On the theme of quality improvement, it appears that its importance is not always recognised, and overall there is a lack of commitment and networks in place to facilitate its delivery [8, 30, 35]. This is in part due to perceived lack of desire to change practise, and occasionally less of a drive for evidence-based medicine [35].

This links with the barriers highlighted in terms of lack of protocol and socio-cultural factors. This review demonstrated that standardised protocols and guidelines were often not implemented. Protocols for accurate and timely record-keeping were rare. The importance of good record-keeping to facilitate quality improvement is well-reported [82]. Further, there is a lack of protocols for triage, a vitally recognised aspect of trauma care. Quality improvement work and adherence to protocol require cohesive teamwork [83]; poor communication and imposed hierarchy were barriers highlighted across several articles. Finally, the lack of specialist training and transfer of staff to more lucrative specialities is widespread.

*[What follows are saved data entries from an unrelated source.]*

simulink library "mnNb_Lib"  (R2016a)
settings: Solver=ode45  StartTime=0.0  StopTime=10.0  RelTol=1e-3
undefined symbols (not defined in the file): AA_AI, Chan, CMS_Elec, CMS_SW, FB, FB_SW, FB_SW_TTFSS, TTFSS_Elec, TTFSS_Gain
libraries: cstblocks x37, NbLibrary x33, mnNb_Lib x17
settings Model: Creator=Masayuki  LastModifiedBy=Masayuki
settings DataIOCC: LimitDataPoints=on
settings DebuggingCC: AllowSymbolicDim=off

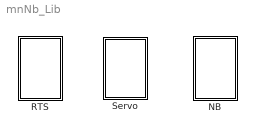
== system mnNb_Lib ==
  NB : Subsystem
  RTS : Subsystem
  Servo : Subsystem

== system mnNb_Lib/NB ==
  "NBpoint " : Subsystem  mask{DOF=''}
  NBsink : Subsystem  mask{DOF='', asd=sp}
      mask prompts: asd "Amplitude spectral density"
      mask TypeOptions asd: NbSink/asd | NbSink_CMS_CARM/asd | NbSink_CMS_IMC/asd | NbSink_FSSpath/asd | NbSink_IMCpath/asd | NbSink_TTFSS/asd | NbSink_act_AOM/asd | NbSink_act_EOM/asd | NbSink_act_IMCsus/asd | NbSink_act_PZT/asd | NbSink_act_TEMP/asd | NbSink_laser/asd | NbSink_motion_RC/asd | NbSink_seismic_CARM/asd | NbSink_seismic_IMC/asd | NbSink_shot_CARM/asd | NbSink_shot_IMC/asd | NbSink_shot_RC/asd | NbSink_sensor_IMC/asd | NbSink_sensor_RC/asd
  NoiseSource : Subsystem  mask{DOF='', group='', unit='', asd=sp}
      mask prompts: DOF "Noise name"; asd "Amplitude spectral density"
      mask TypeOptions asd: Nbsource/asd

== system mnNb_Lib/RTS ==
  ADC : Subsystem
  DAC : Subsystem
  FB_module : Subsystem
  mn Filter Bank : Subsystem  mask{Chan=Chan, FB=FB, FB_SW=FB_SW}
      mask prompts: Chan "Channel Name"; FB "FB filters container"; FB_SW "FB switch container"
      mask TypeOptions Chan: FB1/Chan | FB10/Chan | FB2/Chan | FB3/Chan | FB4/Chan | FB5/Chan | FB6/Chan | FB7/Chan | FB8/Chan | FB9/Chan
      mask TypeOptions FB: FB1/FB | FB10/FB | FB2/FB | FB3/FB | FB4/FB | FB5/FB | FB6/FB | FB7/FB | FB8/FB | FB9/FB
      mask TypeOptions FB_SW: FB1/FB_SW | FB10/FB_SW | FB2/FB_SW | FB3/FB_SW | FB4/FB_SW | FB5/FB_SW | FB6/FB_SW | FB7/FB_SW | FB8/FB_SW | FB9/FB_SW | Gain/FB_SW

== system mnNb_Lib/Servo ==
  Common Mode Servo : Subsystem  mask{CMS_Elec=CMS_Elec, CMS_SW=CMS_SW}
      mask prompts: CMS_Elec "transfer function containers"; CMS_SW "switch containers"
  TTFSS : Subsystem  mask{Elec=TTFSS_Elec, TTFSS_Gain=TTFSS_Gain, FB=FB, Chan='K1:PSL-TTFSS_TEMP_FILTER', RTS=FB_SW_TTFSS}
      mask prompts: Elec "Transfer function container"; TTFSS_Gain "Gain container"; FB "FB filters container"; Chan "Temperature control channel Name"; RTS "temperature control filters container"
      mask TypeOptions FB: TEMP Filter/FB
      mask TypeOptions Chan: TEMP Filter/Chan
      mask TypeOptions RTS: TEMP Filter/FB_SW

== system mnNb_Lib/NB/NBpoint  ==
  In1 : Inport
  NbCal : NbLibrary/NbNoiseCal  Tag=NbNoiseCal  dof=DOF  unit='control signal [V/rtHz]'
      settings: AttributesFormatString=%<Tag>
  NbSink : NbLibrary/NbNoiseSink  Tag=NbNoiseSink  dof=DOF  asd=sp  chan=''
      settings: AttributesFormatString=%<Tag>
  Sum12 : Sum  Inputs=|++
  Terminator : Terminator
  wires:
  Sum12/1 -> NbSink/1
  NbSink/1 -> Terminator/1
  In1/1 -> Sum12/1
  NbCal/1 -> Sum12/2

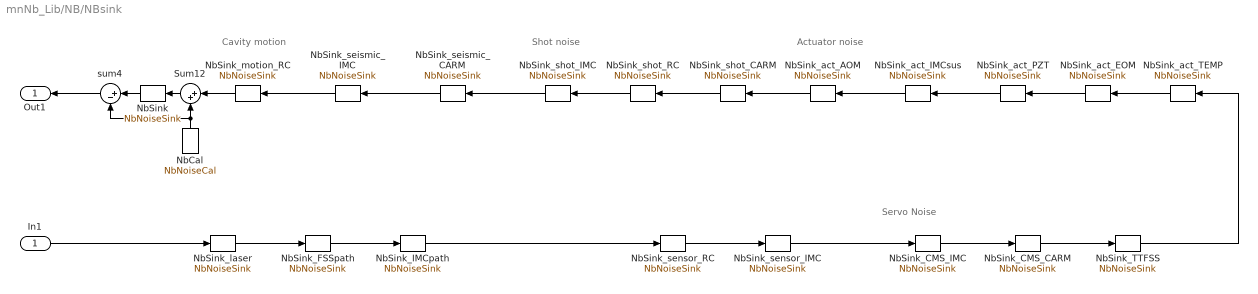
== system mnNb_Lib/NB/NBsink ==
  note: Servo Noise
  note: Actuator noise
  note: Shot noise
  note: Cavity motion
  In1 : Inport
  NbCal : NbLibrary/NbNoiseCal  Tag=NbNoiseCal  dof=DOF  unit='voltage [V/rHz]'
      settings: AttributesFormatString=%<Tag>
  NbSink : NbLibrary/NbNoiseSink  Tag=NbNoiseSink  dof=DOF  asd=sp  chan=''
      settings: AttributesFormatString=%<Tag>
  NbSink_CMS_CARM : NbLibrary/NbNoiseSink  Tag=NbNoiseSink  dof=[DOF '_CMS_CARM']  asd=sp  chan=''
      settings: AttributesFormatString=%<Tag>
  NbSink_CMS_IMC : NbLibrary/NbNoiseSink  Tag=NbNoiseSink  dof=[DOF '_CMS_IMC']  asd=sp  chan=''
      settings: AttributesFormatString=%<Tag>
  NbSink_FSSpath : NbLibrary/NbNoiseSink  Tag=NbNoiseSink  dof=[DOF '_freq_FSSpath']  asd=sp  chan=''
      settings: AttributesFormatString=%<Tag>
  NbSink_IMCpath : NbLibrary/NbNoiseSink  Tag=NbNoiseSink  dof=[DOF '_freq_IMCpath']  asd=sp  chan=''
      settings: AttributesFormatString=%<Tag>
  NbSink_TTFSS : NbLibrary/NbNoiseSink  Tag=NbNoiseSink  dof=[DOF '_TTFSS']  asd=sp  chan=''
      settings: AttributesFormatString=%<Tag>
  NbSink_act_AOM : NbLibrary/NbNoiseSink  Tag=NbNoiseSink  dof=[DOF '_act_AOM']  asd=sp  chan=''
      settings: AttributesFormatString=%<Tag>
  NbSink_act_EOM : NbLibrary/NbNoiseSink  Tag=NbNoiseSink  dof=[DOF '_act_EOM']  asd=sp  chan=''
      settings: AttributesFormatString=%<Tag>
  NbSink_act_IMCsus : NbLibrary/NbNoiseSink  Tag=NbNoiseSink  dof=[DOF '_act_IMCsus']  asd=sp  chan=''
      settings: AttributesFormatString=%<Tag>
  NbSink_act_PZT : NbLibrary/NbNoiseSink  Tag=NbNoiseSink  dof=[DOF '_act_PZT']  asd=sp  chan=''
      settings: AttributesFormatString=%<Tag>
  NbSink_act_TEMP : NbLibrary/NbNoiseSink  Tag=NbNoiseSink  dof=[DOF '_act_TEMP']  asd=sp  chan=''
      settings: AttributesFormatString=%<Tag>
  NbSink_laser : NbLibrary/NbNoiseSink  Tag=NbNoiseSink  dof=[DOF '_NPRO']  asd=sp  chan=''
      settings: AttributesFormatString=%<Tag>
  NbSink_motion_RC : NbLibrary/NbNoiseSink  Tag=NbNoiseSink  dof=[DOF '_motion_RefCav']  asd=sp  chan=''
      settings: AttributesFormatString=%<Tag>
  NbSink_seismic_CARM : NbLibrary/NbNoiseSink  Tag=NbNoiseSink  dof=[DOF '_seismic_CARM']  asd=sp  chan=''
      settings: AttributesFormatString=%<Tag>
  NbSink_seismic_IMC : NbLibrary/NbNoiseSink  Tag=NbNoiseSink  dof=[DOF '_seismic_IMC']  asd=sp  chan=''
      settings: AttributesFormatString=%<Tag>
  NbSink_sensor_IMC : NbLibrary/NbNoiseSink  Tag=NbNoiseSink  dof=[DOF '_sensor_IMC']  asd=sp  chan=''
      settings: AttributesFormatString=%<Tag>
  NbSink_sensor_RC : NbLibrary/NbNoiseSink  Tag=NbNoiseSink  dof=[DOF '_sensor_RefCav']  asd=sp  chan=''
      settings: AttributesFormatString=%<Tag>
  NbSink_shot_CARM : NbLibrary/NbNoiseSink  Tag=NbNoiseSink  dof=[DOF '_shot_CARM']  asd=sp  chan=''
      settings: AttributesFormatString=%<Tag>
  NbSink_shot_IMC : NbLibrary/NbNoiseSink  Tag=NbNoiseSink  dof=[DOF '_shot_IMC']  asd=sp  chan=''
      settings: AttributesFormatString=%<Tag>
  NbSink_shot_RC : NbLibrary/NbNoiseSink  Tag=NbNoiseSink  dof=[DOF '_shot_RefCav']  asd=sp  chan=''
      settings: AttributesFormatString=%<Tag>
  Sum12 : Sum  Inputs=|++
  sum4 : Sum  Inputs=|+-
  Out1 : Outport
  wires:
  Sum12/1 -> NbSink/1
  NbSink/1 -> sum4/1
  NbCal/1 -> sum4/2, Sum12/2
  sum4/1 -> Out1/1
  In1/1 -> NbSink_laser/1
  NbSink_motion_RC/1 -> Sum12/1
  NbSink_act_AOM/1 -> NbSink_shot_CARM/1
  NbSink_TTFSS/1 -> NbSink_act_TEMP/1
  NbSink_CMS_IMC/1 -> NbSink_CMS_CARM/1
  NbSink_shot_IMC/1 -> NbSink_seismic_CARM/1
  NbSink_shot_RC/1 -> NbSink_shot_IMC/1
  NbSink_seismic_IMC/1 -> NbSink_motion_RC/1
  NbSink_seismic_CARM/1 -> NbSink_seismic_IMC/1
  NbSink_shot_CARM/1 -> NbSink_shot_RC/1
  NbSink_act_IMCsus/1 -> NbSink_act_AOM/1
  NbSink_act_PZT/1 -> NbSink_act_IMCsus/1
  NbSink_act_EOM/1 -> NbSink_act_PZT/1
  NbSink_act_TEMP/1 -> NbSink_act_EOM/1
  NbSink_CMS_CARM/1 -> NbSink_TTFSS/1
  NbSink_laser/1 -> NbSink_FSSpath/1
  NbSink_FSSpath/1 -> NbSink_IMCpath/1
  NbSink_IMCpath/1 -> NbSink_sensor_RC/1
  NbSink_sensor_IMC/1 -> NbSink_CMS_IMC/1
  NbSink_sensor_RC/1 -> NbSink_sensor_IMC/1

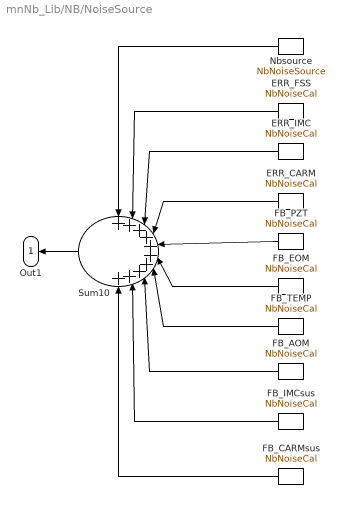
== system mnNb_Lib/NB/NoiseSource ==
  ERR_CARM : NbLibrary/NbNoiseCal  Tag=NbNoiseCal  dof=['ERR_CARM_' DOF]  unit=unit
      settings: AttributesFormatString=%<Tag>
  ERR_FSS : NbLibrary/NbNoiseCal  Tag=NbNoiseCal  dof=['ERR_FSS_' DOF]  unit=unit
      settings: AttributesFormatString=%<Tag>
  ERR_IMC : NbLibrary/NbNoiseCal  Tag=NbNoiseCal  dof=['ERR_IMC_' DOF]  unit=unit
      settings: AttributesFormatString=%<Tag>
  FB_AOM : NbLibrary/NbNoiseCal  Tag=NbNoiseCal  dof=['FB_AOM_' DOF]  unit=unit
      settings: AttributesFormatString=%<Tag>
  FB_CARMsus : NbLibrary/NbNoiseCal  Tag=NbNoiseCal  dof=['FB_CARMsus_' DOF]  unit=unit
      settings: AttributesFormatString=%<Tag>
  FB_EOM : NbLibrary/NbNoiseCal  Tag=NbNoiseCal  dof=['FB_EOM_' DOF]  unit=unit
      settings: AttributesFormatString=%<Tag>
  FB_IMCsus : NbLibrary/NbNoiseCal  Tag=NbNoiseCal  dof=['FB_IMCsus_' DOF]  unit=unit
      settings: AttributesFormatString=%<Tag>
  FB_PZT : NbLibrary/NbNoiseCal  Tag=NbNoiseCal  dof=['FB_PZT_' DOF]  unit=unit
      settings: AttributesFormatString=%<Tag>
  FB_TEMP : NbLibrary/NbNoiseCal  Tag=NbNoiseCal  dof=['FB_TEMP_' DOF]  unit=unit
      settings: AttributesFormatString=%<Tag>
  Nbsource : NbLibrary/NbNoiseSource  Tag=NbNoiseSource  asd=sp  chan=''  groupNest=1  group=group  subgroup=''  subsubgroup=''  subsubsubgroup=''
      settings: AttributesFormatString=%<Tag>
  Sum10 : Sum  Inputs=++++++++++
  Out1 : Outport
  wires:
  Nbsource/1 -> Sum10/1
  Sum10/1 -> Out1/1
  ERR_FSS/1 -> Sum10/2
  ERR_IMC/1 -> Sum10/3
  ERR_CARM/1 -> Sum10/4
  FB_PZT/1 -> Sum10/5
  FB_EOM/1 -> Sum10/6
  FB_TEMP/1 -> Sum10/7
  FB_AOM/1 -> Sum10/8
  FB_IMCsus/1 -> Sum10/9
  FB_CARMsus/1 -> Sum10/10

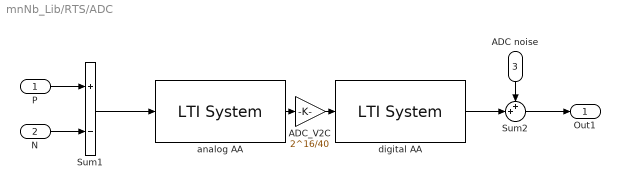
== system mnNb_Lib/RTS/ADC ==
  P : Inport
  N : Inport  Port=2
  ADC noise : Inport  Port=3
  ADC_V2C : Gain  Gain=2^16/40
  Sum1 : Sum  Inputs=+-
  Sum2 : Sum  Inputs=++|
  analog AA : cstblocks/LTI System  sys=AA_AI('Analog_AA')  IC=[]
  digital AA : cstblocks/LTI System  sys=AA_AI('Digital_AA')  IC=[]
  Out1 : Outport
  wires:
  analog AA/1 -> ADC_V2C/1
  ADC_V2C/1 -> digital AA/1
  P/1 -> Sum1/1
  N/1 -> Sum1/2
  digital AA/1 -> Sum2/2
  Sum2/1 -> Out1/1
  ADC noise/1 -> Sum2/1
  Sum1/1 -> analog AA/1

== system mnNb_Lib/RTS/DAC ==
  In1 : Inport
  DAC noise : Inport  Port=2
  DAC_C2V : Gain  Gain=20/2^16
  Sum2 : Sum  Inputs=++|
  analog AI : cstblocks/LTI System  sys=AA_AI('Analog_AI')  IC=[]
  digital AI : cstblocks/LTI System  sys=AA_AI('Digital_AI')  IC=[]
  n : Gain  Gain=-1
  P : Outport
  N : Outport  Port=2
  wires:
  In1/1 -> analog AI/1
  analog AI/1 -> DAC_C2V/1
  DAC_C2V/1 -> digital AI/1
  n/1 -> N/1
  DAC noise/1 -> Sum2/1
  digital AI/1 -> Sum2/2
  Sum2/1 -> P/1, n/1

== system mnNb_Lib/RTS/FB_module ==
  FB1 : Subsystem  mask{i=1, Chan=Chan, FB=FB, FB_SW=FB_SW}
      mask prompts: i "FB No"; Chan "Channel Name"; FB "FB filters container"; FB_SW "FB switch container"

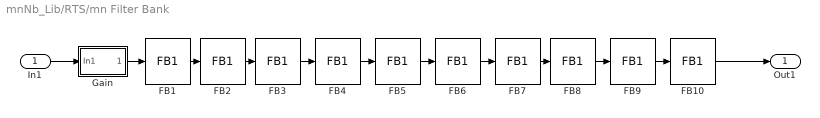
== system mnNb_Lib/RTS/mn Filter Bank ==
  In1 : Inport
  FB1 : mnNb_Lib/RTS/FB_module/FB1  i=1  Chan=Chan  FB=FB  FB_SW=FB_SW
  FB10 : mnNb_Lib/RTS/FB_module/FB1  i=10  Chan=Chan  FB=FB  FB_SW=FB_SW
  FB2 : mnNb_Lib/RTS/FB_module/FB1  i=2  Chan=Chan  FB=FB  FB_SW=FB_SW
  FB3 : mnNb_Lib/RTS/FB_module/FB1  i=3  Chan=Chan  FB=FB  FB_SW=FB_SW
  FB4 : mnNb_Lib/RTS/FB_module/FB1  i=4  Chan=Chan  FB=FB  FB_SW=FB_SW
  FB5 : mnNb_Lib/RTS/FB_module/FB1  i=5  Chan=Chan  FB=FB  FB_SW=FB_SW
  FB6 : mnNb_Lib/RTS/FB_module/FB1  i=6  Chan=Chan  FB=FB  FB_SW=FB_SW
  FB7 : mnNb_Lib/RTS/FB_module/FB1  i=7  Chan=Chan  FB=FB  FB_SW=FB_SW
  FB8 : mnNb_Lib/RTS/FB_module/FB1  i=8  Chan=Chan  FB=FB  FB_SW=FB_SW
  FB9 : mnNb_Lib/RTS/FB_module/FB1  i=9  Chan=Chan  FB=FB  FB_SW=FB_SW
  Gain : Subsystem  mask{FB_SW=FB_SW}
      mask prompts: FB_SW "gain container"
  Out1 : Outport
  wires:
  FB10/1 -> Out1/1
  FB1/1 -> FB2/1
  FB2/1 -> FB3/1
  FB3/1 -> FB4/1
  FB4/1 -> FB5/1
  FB5/1 -> FB6/1
  FB6/1 -> FB7/1
  FB7/1 -> FB8/1
  FB8/1 -> FB9/1
  FB9/1 -> FB10/1
  In1/1 -> Gain/1(In1)
  Gain/1(Out1) -> FB1/1

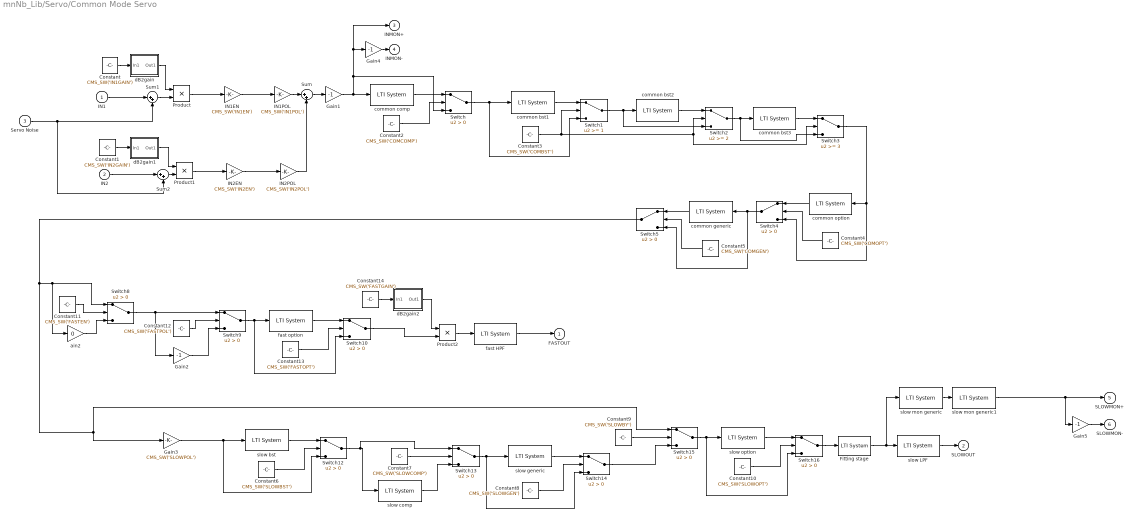
== system mnNb_Lib/Servo/Common Mode Servo ==
  IN1 : Inport
  IN2 : Inport  Port=2
  Servo Noise : Inport  Port=3
  Constant : Constant  Value=CMS_SW('IN1GAIN')
  Constant1 : Constant  Value=CMS_SW('IN2GAIN')
  Constant10 : Constant  Value=CMS_SW('SLOWOPT')
  Constant11 : Constant  Value=CMS_SW('FASTEN')
  Constant12 : Constant  Value=CMS_SW('FASTPOL')
  Constant13 : Constant  Value=CMS_SW('FASTOPT')
  Constant14 : Constant  Value=CMS_SW('FASTGAIN')
  Constant2 : Constant  Value=CMS_SW('COMCOMP')
  Constant3 : Constant  Value=CMS_SW('COMBST')
  Constant4 : Constant  Value=CMS_SW('COMOPT')
  Constant5 : Constant  Value=CMS_SW('COMGEN')
  Constant6 : Constant  Value=CMS_SW('SLOWBST')
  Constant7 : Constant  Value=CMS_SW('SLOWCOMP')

This review highlights the lack of research into the root cause of barriers, despite the profound morbidity and mortality associated with trauma. Most of the literature focussed on either single centres or regions, which may not reflect the economic status of large parts of South and Central America [22], and there is little available on the continent as a whole. Further, there is often a lack of distinction between pre-hospital and emergency and trauma care making it difficult to determine if barriers are specific to trauma or general management issues. The majority of the current research focusses on urban centres, and it is unclear to what extent the barriers are the shared or differ in comparison with rural South America.

Limitations

The review was limited to English language only, whereas the predominant first languages of the region are Spanish and Portuguese. Fortunately, English translations were often available, and these were included where possible. Disparity in the data available for countries was apparent. While this review aims to encompass the whole of South America, many countries are considerably under-represented compared to those from which the bulk of the research is from, such as Brazil. We believe this provides further support for a Delphi Analysis.

Conclusion

In South America, trauma is widespread and access to safe, timely, affordable and high-quality care is essential. This systematic review highlights the variety of barriers to provide high-quality trauma care, many of which interlink and appear to act in a synergistic fashion. It is of great importance that barriers to the provision of trauma care are recognised and addressed in order to address the associated mortality and morbidity. Many countries are under-represented in the literature, and the authors believe a Delphi analysis would best facilitate the pooling of expert knowledge and opinion for tackling complex barriers and considering how change can be implemented.